Killjoys: The Harvest review

Dutch and John go undercover on the planetary body of Leith in a delightful episode with minimal ear amputations.

Lend me your ears, Killjoys fans. This week’s episode of our new favorite space drama (sorry, Dark Matter) was everything we could possible want from summer TV fare: fun, clever, and taking on a familiar set-up with some slightly unpredictable twists and just the right amount of world-building.

In “The Harvest,” our bounty hunters do John’s “sexer” friend a favor by taking on the warrant for her missing husband. If he doesn’t return to Westerley within two days, then his work visa will expire and she will have to take on his punishment: ten years hard labor. Yeah, The Quad kind of sucks.

“The Harvest” is really about the partnership between Dutch and John. These two have been working together, presumably just the two of them, for six years. Before D’avin came along, they were the only constants in each other’s lives — or at least the most important constants. And, seeing them work together to figure out what is happening to the missing harvesters on Leith, it’s easy to understand why. John’s goofiness, earnestness, and solid communication skills bring out Dutch’s softer side, one that she might have thought was missing following her brutal upbringing. It is certainly missing from the scene in which she tortures the man her former mentor sent her to kill.

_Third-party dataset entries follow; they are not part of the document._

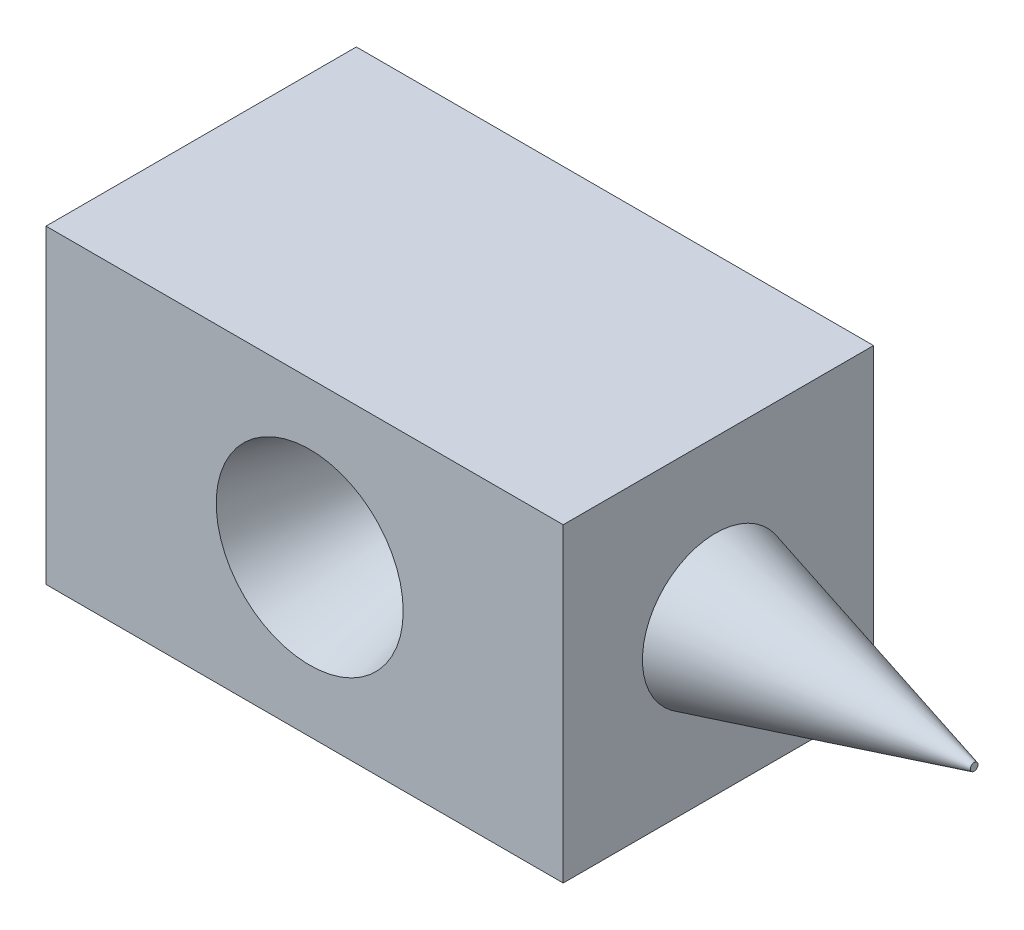
from build123d import *

# Parameters (mm, degrees)
SKETCH1_W           = 127
SKETCH1_H           = 76.2
BOSS_EXTRUDE1_DEPTH = 76.2
SKETCH2_R           = 22.957981207
CUT_EXTRUDE1_DEPTH  = 50.8
CUT_EXTRUDE1_DRAFT  = -15
SKETCH3_R           = 17.955133558
BOSS_EXTRUDE2_DEPTH = 63.5
BOSS_EXTRUDE2_TAPER = 15


with BuildPart() as part:
    # Sketch1 → Boss-Extrude1 (new body)
    with BuildSketch(Plane.XY):
        with Locations((63.5, 38.1)):
            Rectangle(SKETCH1_W, SKETCH1_H)
    extrude(amount=BOSS_EXTRUDE1_DEPTH)


with BuildPart() as cut_extrude1_tool:
    # Sketch2 → Cut-Extrude1 (with draft: the straight prism first)
    with BuildSketch(Plane.XY.offset(76.2)):
        with Locations((64.753202194, 38.155586657)):
            Circle(SKETCH2_R)
    extrude(amount=-CUT_EXTRUDE1_DEPTH)
    # Cut-Extrude1: the draft: its side faces are tilted about the plane it starts from
    cut_extrude1_sides = [cut_extrude1_tool.faces().sort_by_distance(p)[0] for p in [
        (41.795220987, 38.155586657, 50.8),
    ]]
    draft(cut_extrude1_sides, Plane.XY.offset(76.2), CUT_EXTRUDE1_DRAFT)


with BuildPart() as part_1:
    add(part.part)

    # Cut-Extrude1: cut by cut_extrude1_tool
    add(cut_extrude1_tool.part, mode=Mode.SUBTRACT)

    # Sketch3 → Boss-Extrude2 (add)
    with BuildSketch(Plane(origin=(127, 0, 0), x_dir=(0, 0, -1), z_dir=(1, 0, 0))):
        with Locations((-38.791271087, 37.754364457)):
            Circle(SKETCH3_R)
    extrude(amount=BOSS_EXTRUDE2_DEPTH, taper=BOSS_EXTRUDE2_TAPER)


solid = part_1.part
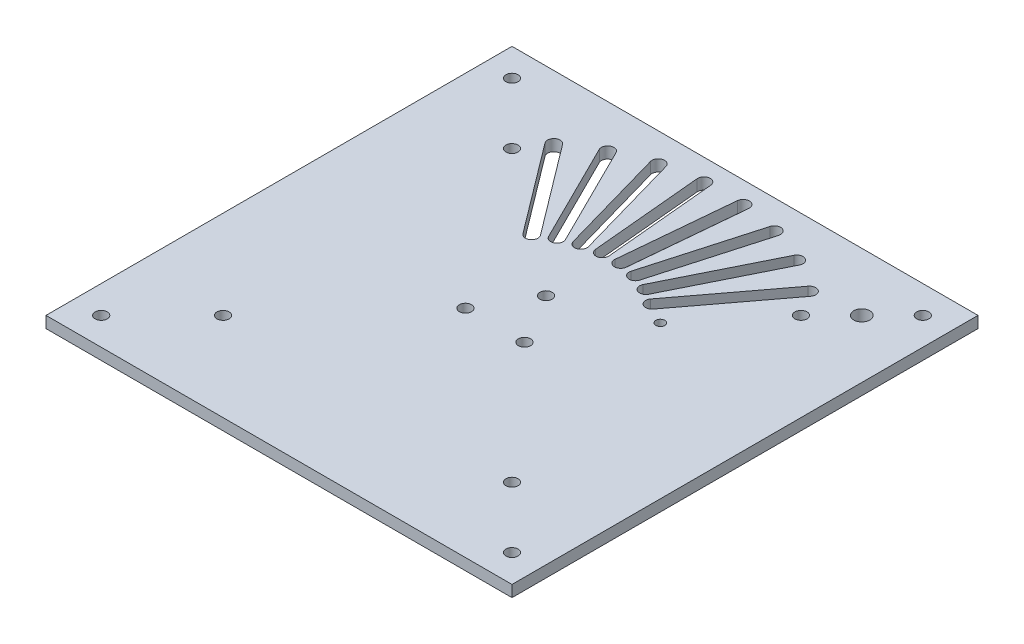
from build123d import *

# Parameters (mm, degrees)
SKETCH2_W                 = 130
SKETCH2_H                 = 130
BOSS_EXTRUDE1_DEPTH       = 3.2
CUT_EXTRUDE1_REACH        = 93.98
SKETCH4_R                 = 1.7
CUT_EXTRUDE2_REACH        = 93.98
SKETCH6_R                 = 1.7
CUT_EXTRUDE3_REACH        = 93.98
SKETCH8_R                 = 1.7
PRIMARY_WIRE_HOLE_REACH   = 93.98
SKETCH9_R                 = 2.25
SECONDARY_WIRE_HOLE_REACH = 93.98
SKETCH10_R                = 1.25
CUT_EXTRUDE6_REACH        = 93.98


with BuildPart() as part:
    # Sketch2 → Boss-Extrude1 (new body)
    with BuildSketch(Plane(origin=(0, 0, 0), x_dir=(1, 0, 0), z_dir=(0, 1, 0))):
        Rectangle(SKETCH2_W, SKETCH2_H)
    extrude(amount=BOSS_EXTRUDE1_DEPTH)

    # Sketch4 → Cut-Extrude1 (cut, up to next)
    with BuildSketch(Plane(origin=(0, 3.2, 0), x_dir=(1, 0, 0), z_dir=(0, 1, 0)), mode=Mode.PRIVATE) as cut_extrude1_sk1:
        with Locations(Location((-57.3, 57.3, 0), (0, 0, 270))):
            Circle(SKETCH4_R)
    cut_extrude1_tool1 = extrude(cut_extrude1_sk1.sketch, amount=-CUT_EXTRUDE1_REACH, mode=Mode.PRIVATE) & part.part
    # Sketch4 → Cut-Extrude1 (cut, up to next)
    with BuildSketch(Plane(origin=(0, 3.2, 0), x_dir=(1, 0, 0), z_dir=(0, 1, 0)), mode=Mode.PRIVATE) as cut_extrude1_sk2:
        with Locations(Location((57.3, 57.3, 0), (0, 0, 270))):
            Circle(SKETCH4_R)
    cut_extrude1_tool2 = extrude(cut_extrude1_sk2.sketch, amount=-CUT_EXTRUDE1_REACH, mode=Mode.PRIVATE) & part.part
    # Sketch4 → Cut-Extrude1 (cut, up to next)
    with BuildSketch(Plane(origin=(0, 3.2, 0), x_dir=(1, 0, 0), z_dir=(0, 1, 0)), mode=Mode.PRIVATE) as cut_extrude1_sk3:
        with Locations(Location((57.3, -57.3, 0), (0, 0, 270))):
            Circle(SKETCH4_R)
    cut_extrude1_tool3 = extrude(cut_extrude1_sk3.sketch, amount=-CUT_EXTRUDE1_REACH, mode=Mode.PRIVATE) & part.part
    # Sketch4 → Cut-Extrude1 (cut, up to next)
    with BuildSketch(Plane(origin=(0, 3.2, 0), x_dir=(1, 0, 0), z_dir=(0, 1, 0)), mode=Mode.PRIVATE) as cut_extrude1_sk4:
        with Locations(Location((-57.3, -57.3, 0), (0, 0, 270))):
            Circle(SKETCH4_R)
    cut_extrude1_tool4 = extrude(cut_extrude1_sk4.sketch, amount=-CUT_EXTRUDE1_REACH, mode=Mode.PRIVATE) & part.part
    add(cut_extrude1_tool1.solids().sort_by_distance((-57.3, 3.2, -57.3))[0], mode=Mode.SUBTRACT)
    add(cut_extrude1_tool2.solids().sort_by_distance((57.3, 3.2, -57.3))[0], mode=Mode.SUBTRACT)
    add(cut_extrude1_tool3.solids().sort_by_distance((57.3, 3.2, 57.3))[0], mode=Mode.SUBTRACT)
    add(cut_extrude1_tool4.solids().sort_by_distance((-57.3, 3.2, 57.3))[0], mode=Mode.SUBTRACT)

    # Sketch6 → Cut-Extrude2 (cut, up to next)
    with BuildSketch(Plane(origin=(0, 3.2, 0), x_dir=(1, 0, 0), z_dir=(0, 1, 0)), mode=Mode.PRIVATE) as cut_extrude2_sk1:
        with Locations(Location((-40.305086528, 40.305086528, 0), (0, 0, 270))):
            Circle(SKETCH6_R)
    cut_extrude2_tool1 = extrude(cut_extrude2_sk1.sketch, amount=-CUT_EXTRUDE2_REACH, mode=Mode.PRIVATE) & part.part
    # Sketch6 → Cut-Extrude2 (cut, up to next)
    with BuildSketch(Plane(origin=(0, 3.2, 0), x_dir=(1, 0, 0), z_dir=(0, 1, 0)), mode=Mode.PRIVATE) as cut_extrude2_sk2:
        with Locations(Location((40.305086528, 40.305086528, 0), (0, 0, 270))):
            Circle(SKETCH6_R)
    cut_extrude2_tool2 = extrude(cut_extrude2_sk2.sketch, amount=-CUT_EXTRUDE2_REACH, mode=Mode.PRIVATE) & part.part
    # Sketch6 → Cut-Extrude2 (cut, up to next)
    with BuildSketch(Plane(origin=(0, 3.2, 0), x_dir=(1, 0, 0), z_dir=(0, 1, 0)), mode=Mode.PRIVATE) as cut_extrude2_sk3:
        with Locations(Location((40.305086528, -40.305086528, 0), (0, 0, 270))):
            Circle(SKETCH6_R)
    cut_extrude2_tool3 = extrude(cut_extrude2_sk3.sketch, amount=-CUT_EXTRUDE2_REACH, mode=Mode.PRIVATE) & part.part
    # Sketch6 → Cut-Extrude2 (cut, up to next)
    with BuildSketch(Plane(origin=(0, 3.2, 0), x_dir=(1, 0, 0), z_dir=(0, 1, 0)), mode=Mode.PRIVATE) as cut_extrude2_sk4:
        with Locations(Location((-40.305086528, -40.305086528, 0), (0, 0, 270))):
            Circle(SKETCH6_R)
    cut_extrude2_tool4 = extrude(cut_extrude2_sk4.sketch, amount=-CUT_EXTRUDE2_REACH, mode=Mode.PRIVATE) & part.part
    add(cut_extrude2_tool1.solids().sort_by_distance((-40.305087, 3.2, -40.305087))[0], mode=Mode.SUBTRACT)
    add(cut_extrude2_tool2.solids().sort_by_distance((40.305087, 3.2, -40.305087))[0], mode=Mode.SUBTRACT)
    add(cut_extrude2_tool3.solids().sort_by_distance((40.305087, 3.2, 40.305087))[0], mode=Mode.SUBTRACT)
    add(cut_extrude2_tool4.solids().sort_by_distance((-40.305087, 3.2, 40.305087))[0], mode=Mode.SUBTRACT)

    # Sketch8 → Cut-Extrude3 (cut, up to next)
    with BuildSketch(Plane(origin=(0, 3.2, 0), x_dir=(1, 0, 0), z_dir=(0, 1, 0)), mode=Mode.PRIVATE) as cut_extrude3_sk1:
        with Locations(Location((0, 9.5, 0), (0, 0, 270))):
            Circle(SKETCH8_R)
    cut_extrude3_tool1 = extrude(cut_extrude3_sk1.sketch, amount=-CUT_EXTRUDE3_REACH, mode=Mode.PRIVATE) & part.part
    # Sketch8 → Cut-Extrude3 (cut, up to next)
    with BuildSketch(Plane(origin=(0, 3.2, 0), x_dir=(1, 0, 0), z_dir=(0, 1, 0)), mode=Mode.PRIVATE) as cut_extrude3_sk2:
        with Locations(Location((8.227241336, -4.75, 0), (0, 0, 270))):
            Circle(SKETCH8_R)
    cut_extrude3_tool2 = extrude(cut_extrude3_sk2.sketch, amount=-CUT_EXTRUDE3_REACH, mode=Mode.PRIVATE) & part.part
    # Sketch8 → Cut-Extrude3 (cut, up to next)
    with BuildSketch(Plane(origin=(0, 3.2, 0), x_dir=(1, 0, 0), z_dir=(0, 1, 0)), mode=Mode.PRIVATE) as cut_extrude3_sk3:
        with Locations(Location((-8.227241336, -4.75, 0), (0, 0, 270))):
            Circle(SKETCH8_R)
    cut_extrude3_tool3 = extrude(cut_extrude3_sk3.sketch, amount=-CUT_EXTRUDE3_REACH, mode=Mode.PRIVATE) & part.part
    add(cut_extrude3_tool1.solids().sort_by_distance((0, 3.2, -9.5))[0], mode=Mode.SUBTRACT)
    add(cut_extrude3_tool2.solids().sort_by_distance((8.227241, 3.2, 4.75))[0], mode=Mode.SUBTRACT)
    add(cut_extrude3_tool3.solids().sort_by_distance((-8.227241, 3.2, 4.75))[0], mode=Mode.SUBTRACT)

    # Sketch9 → Primary wire hole (cut, up to next)
    with BuildSketch(Plane(origin=(0, 3.2, 0), x_dir=(1, 0, 0), z_dir=(0, 1, 0)), mode=Mode.PRIVATE) as primary_wire_hole_sk1:
        with Locations(Location((48.790367902, 48.790367902, 0), (0, 0, 270))):
            Circle(SKETCH9_R)
    primary_wire_hole_tool1 = extrude(primary_wire_hole_sk1.sketch, amount=-PRIMARY_WIRE_HOLE_REACH, mode=Mode.PRIVATE) & part.part
    add(primary_wire_hole_tool1.solids().sort_by_distance((48.790368, 3.2, -48.790368))[0], mode=Mode.SUBTRACT)

    # Sketch10 → Secondary wire hole (cut, up to next)
    with BuildSketch(Plane(origin=(0, 3.2, 0), x_dir=(1, 0, 0), z_dir=(0, 1, 0)), mode=Mode.PRIVATE) as secondary_wire_hole_sk1:
        with Locations(Location((22.506385739, 18.885099973, 0), (0, 0, 270))):
            Circle(SKETCH10_R)
    secondary_wire_hole_tool1 = extrude(secondary_wire_hole_sk1.sketch, amount=-SECONDARY_WIRE_HOLE_REACH, mode=Mode.PRIVATE) & part.part
    add(secondary_wire_hole_tool1.solids().sort_by_distance((22.506386, 3.2, -18.8851))[0], mode=Mode.SUBTRACT)

    # Sketch11 → Cut-Extrude6 (cut, up to next)
    with BuildSketch(Plane(origin=(0, 3.2, 0), x_dir=(1, 0, 0), z_dir=(0, 1, 0)), mode=Mode.PRIVATE) as cut_extrude6_sk1:
        with BuildLine():
            Line((-34.259927979, 48.372330261), (-15.380990703, 23.319134311))
            ThreePointArc((-15.380990703, 23.319134311), (-15.725426555, 20.868345878), (-18.176214988, 21.21278173))
            Line((-18.176214988, 21.21278173), (-37.055152264, 46.26597768))
            ThreePointArc((-37.055152264, 46.26597768), (-36.710716412, 48.716766113), (-34.259927979, 48.372330261))
        make_face()
    cut_extrude6_tool1 = extrude(cut_extrude6_sk1.sketch, amount=-CUT_EXTRUDE6_REACH, mode=Mode.PRIVATE) & part.part
    # Sketch11 → Cut-Extrude6 (cut, up to next)
    with BuildSketch(Plane(origin=(0, 3.2, 0), x_dir=(1, 0, 0), z_dir=(0, 1, 0)), mode=Mode.PRIVATE) as cut_extrude6_sk2:
        with BuildLine():
            Line((-27.938203096, 52.278884913), (-13.975987518, 24.187365977))
            ThreePointArc((-13.975987518, 24.187365977), (-11.629987027, 23.399151731), (-10.841772782, 25.745152222))
            Line((-10.841772782, 25.745152222), (-24.80398836, 53.836671159))
            ThreePointArc((-24.80398836, 53.836671159), (-27.149988851, 54.624885404), (-27.938203096, 52.278884913))
        make_face()
    cut_extrude6_tool2 = extrude(cut_extrude6_sk2.sketch, amount=-CUT_EXTRUDE6_REACH, mode=Mode.PRIVATE) & part.part
    # Sketch11 → Cut-Extrude6 (cut, up to next)
    with BuildSketch(Plane(origin=(0, 3.2, 0), x_dir=(1, 0, 0), z_dir=(0, 1, 0)), mode=Mode.PRIVATE) as cut_extrude6_sk3:
        with BuildLine():
            Line((-17.87286129, 56.517128637), (-9.301329978, 26.340883824))
            ThreePointArc((-9.301329978, 26.340883824), (-7.139754963, 25.135647974), (-5.934519112, 27.297222989))
            Line((-5.934519112, 27.297222989), (-14.506050425, 57.473467801))
            ThreePointArc((-14.506050425, 57.473467801), (-16.667625439, 58.678703651), (-17.87286129, 56.517128637))
        make_face()
    cut_extrude6_tool3 = extrude(cut_extrude6_sk3.sketch, amount=-CUT_EXTRUDE6_REACH, mode=Mode.PRIVATE) & part.part
    # Sketch11 → Cut-Extrude6 (cut, up to next)
    with BuildSketch(Plane(origin=(0, 3.2, 0), x_dir=(1, 0, 0), z_dir=(0, 1, 0)), mode=Mode.PRIVATE) as cut_extrude6_sk4:
        with BuildLine():
            Line((-7.200805802, 58.836837065), (-4.310928692, 27.600231771))
            ThreePointArc((-4.310928692, 27.600231771), (-2.407156164, 26.018887355), (-0.825811748, 27.922659883))
            Line((-0.825811748, 27.922659883), (-3.715688858, 59.159265177))
            ThreePointArc((-3.715688858, 59.159265177), (-5.619461386, 60.740609593), (-7.200805802, 58.836837065))
        make_face()
    cut_extrude6_tool4 = extrude(cut_extrude6_sk4.sketch, amount=-CUT_EXTRUDE6_REACH, mode=Mode.PRIVATE) & part.part
    # Sketch11 → Cut-Extrude6 (cut, up to next)
    with BuildSketch(Plane(origin=(0, 3.2, 0), x_dir=(1, 0, 0), z_dir=(0, 1, 0)), mode=Mode.PRIVATE) as cut_extrude6_sk5:
        with BuildLine():
            Line((3.715688858, 59.159265177), (0.825811748, 27.922659883))
            ThreePointArc((0.825811748, 27.922659883), (2.407156164, 26.018887355), (4.310928692, 27.600231771))
            Line((4.310928692, 27.600231771), (7.200805802, 58.836837065))
            ThreePointArc((7.200805802, 58.836837065), (5.619461386, 60.740609593), (3.715688858, 59.159265177))
        make_face()
    cut_extrude6_tool5 = extrude(cut_extrude6_sk5.sketch, amount=-CUT_EXTRUDE6_REACH, mode=Mode.PRIVATE) & part.part
    # Sketch11 → Cut-Extrude6 (cut, up to next)
    with BuildSketch(Plane(origin=(0, 3.2, 0), x_dir=(1, 0, 0), z_dir=(0, 1, 0)), mode=Mode.PRIVATE) as cut_extrude6_sk6:
        with BuildLine():
            Line((14.506050425, 57.473467801), (5.934519112, 27.297222989))
            ThreePointArc((5.934519112, 27.297222989), (7.139754963, 25.135647974), (9.301329978, 26.340883824))
            Line((9.301329978, 26.340883824), (17.87286129, 56.517128637))
            ThreePointArc((17.87286129, 56.517128637), (16.667625439, 58.678703651), (14.506050425, 57.473467801))
        make_face()
    cut_extrude6_tool6 = extrude(cut_extrude6_sk6.sketch, amount=-CUT_EXTRUDE6_REACH, mode=Mode.PRIVATE) & part.part
    # Sketch11 → Cut-Extrude6 (cut, up to next)
    with BuildSketch(Plane(origin=(0, 3.2, 0), x_dir=(1, 0, 0), z_dir=(0, 1, 0)), mode=Mode.PRIVATE) as cut_extrude6_sk7:
        with BuildLine():
            Line((24.80398836, 53.836671159), (10.841772782, 25.745152222))
            ThreePointArc((10.841772782, 25.745152222), (11.629987027, 23.399151731), (13.975987518, 24.187365977))
            Line((13.975987518, 24.187365977), (27.938203096, 52.278884913))
            ThreePointArc((27.938203096, 52.278884913), (27.149988851, 54.624885404), (24.80398836, 53.836671159))
        make_face()
    cut_extrude6_tool7 = extrude(cut_extrude6_sk7.sketch, amount=-CUT_EXTRUDE6_REACH, mode=Mode.PRIVATE) & part.part
    # Sketch11 → Cut-Extrude6 (cut, up to next)
    with BuildSketch(Plane(origin=(0, 3.2, 0), x_dir=(1, 0, 0), z_dir=(0, 1, 0)), mode=Mode.PRIVATE) as cut_extrude6_sk8:
        with BuildLine():
            Line((34.259927979, 48.372330261), (15.380990703, 23.319134311))
            ThreePointArc((15.380990703, 23.319134311), (15.725426555, 20.868345878), (18.176214988, 21.21278173))
            Line((18.176214988, 21.21278173), (37.055152264, 46.26597768))
            ThreePointArc((37.055152264, 46.26597768), (36.710716412, 48.716766113), (34.259927979, 48.372330261))
        make_face()
    cut_extrude6_tool8 = extrude(cut_extrude6_sk8.sketch, amount=-CUT_EXTRUDE6_REACH, mode=Mode.PRIVATE) & part.part
    add(cut_extrude6_tool1.solids().sort_by_distance((-26.218071, 3.2, -34.792556))[0], mode=Mode.SUBTRACT)
    add(cut_extrude6_tool2.solids().sort_by_distance((-19.389988, 3.2, -39.012019))[0], mode=Mode.SUBTRACT)
    add(cut_extrude6_tool3.solids().sort_by_distance((-11.90369, 3.2, -41.907176))[0], mode=Mode.SUBTRACT)
    add(cut_extrude6_tool4.solids().sort_by_distance((-4.013309, 3.2, -43.379748))[0], mode=Mode.SUBTRACT)
    add(cut_extrude6_tool5.solids().sort_by_distance((4.013309, 3.2, -43.379748))[0], mode=Mode.SUBTRACT)
    add(cut_extrude6_tool6.solids().sort_by_distance((11.90369, 3.2, -41.907176))[0], mode=Mode.SUBTRACT)
    add(cut_extrude6_tool7.solids().sort_by_distance((19.389988, 3.2, -39.012019))[0], mode=Mode.SUBTRACT)
    add(cut_extrude6_tool8.solids().sort_by_distance((26.218071, 3.2, -34.792556))[0], mode=Mode.SUBTRACT)


solid = part.part
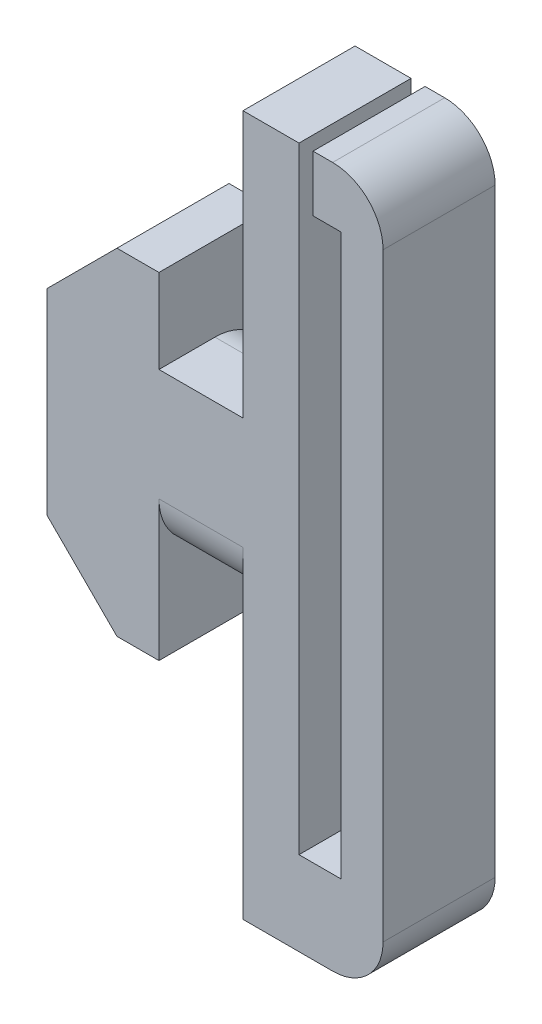
from build123d import *

# Parameters (mm, degrees)
DODANIE_WYCI_GNI_CIE1_DEPTH = 4
ZAOKR_GLENIE1_R             = 1.8
SZKIC2_W                    = 4
SZKIC2_H                    = 6
DODANIE_WYCI_GNI_CIE2_DEPTH = 3
ZAOKR_GLENIE2_R             = 2
SZKIC3_W                    = 4
SZKIC3_H                    = 12
DODANIE_WYCI_GNI_CIE3_DEPTH = 4
SFAZOWANIE1_SIZE            = 2.5


with BuildPart() as part:
    # Szkic1 → Dodanie-wyciągnięcie1 (new body)
    with BuildSketch(Plane.XY):
        Polygon((0, 0), (0, 25), (2, 25), (2, 3), (3.5, 3), (3.5, 23), (2.5, 23), (2.5, 25), (5, 25), (5, 0), align=None)
    extrude(amount=DODANIE_WYCI_GNI_CIE1_DEPTH)

    # Zaokrąglenie1
    zaokr_glenie1_edges = [part.edges().sort_by_distance(p)[0] for p in [
        (5, 25, 2),
        (5, 0, 2),
    ]]
    fillet(zaokr_glenie1_edges, radius=ZAOKR_GLENIE1_R)

    # Szkic2 → Dodanie-wyciągnięcie2 (add)
    with BuildSketch(Plane.ZY):
        with Locations((2, 12.5)):
            Rectangle(SZKIC2_W, SZKIC2_H)
    extrude(amount=DODANIE_WYCI_GNI_CIE2_DEPTH)

    # Zaokrąglenie2
    zaokr_glenie2_edges = [part.edges().sort_by_distance(p)[0] for p in [
        (-1.5, 15.5, 0),
        (-1.5, 9.5, 4),
    ]]
    fillet(zaokr_glenie2_edges, radius=ZAOKR_GLENIE2_R)

    # Szkic3 → Dodanie-wyciągnięcie3 (add)
    with BuildSketch(Plane.ZY.offset(3)):
        with Locations((2, 12.5)):
            Rectangle(SZKIC3_W, SZKIC3_H)
    extrude(amount=DODANIE_WYCI_GNI_CIE3_DEPTH)

    # Sfazowanie1
    sfazowanie1_edges = [part.edges().sort_by_distance(p)[0] for p in [
        (-7, 6.5, 2),
        (-7, 18.5, 2),
    ]]
    chamfer(sfazowanie1_edges, length=SFAZOWANIE1_SIZE)


solid = part.part

Dutch has a dark side and John keeps that dark side from taking over. In their final scene together, she calls John “irreplaceable.” More than for his piloting skills or his willingness to cut off his ear to solve a case, John’s irreplaceability comes in the fact that he is Dutch’s family — a family that doesn’t demand she kill to stay part of it. From what we’ve seen so far, she’s never had that before.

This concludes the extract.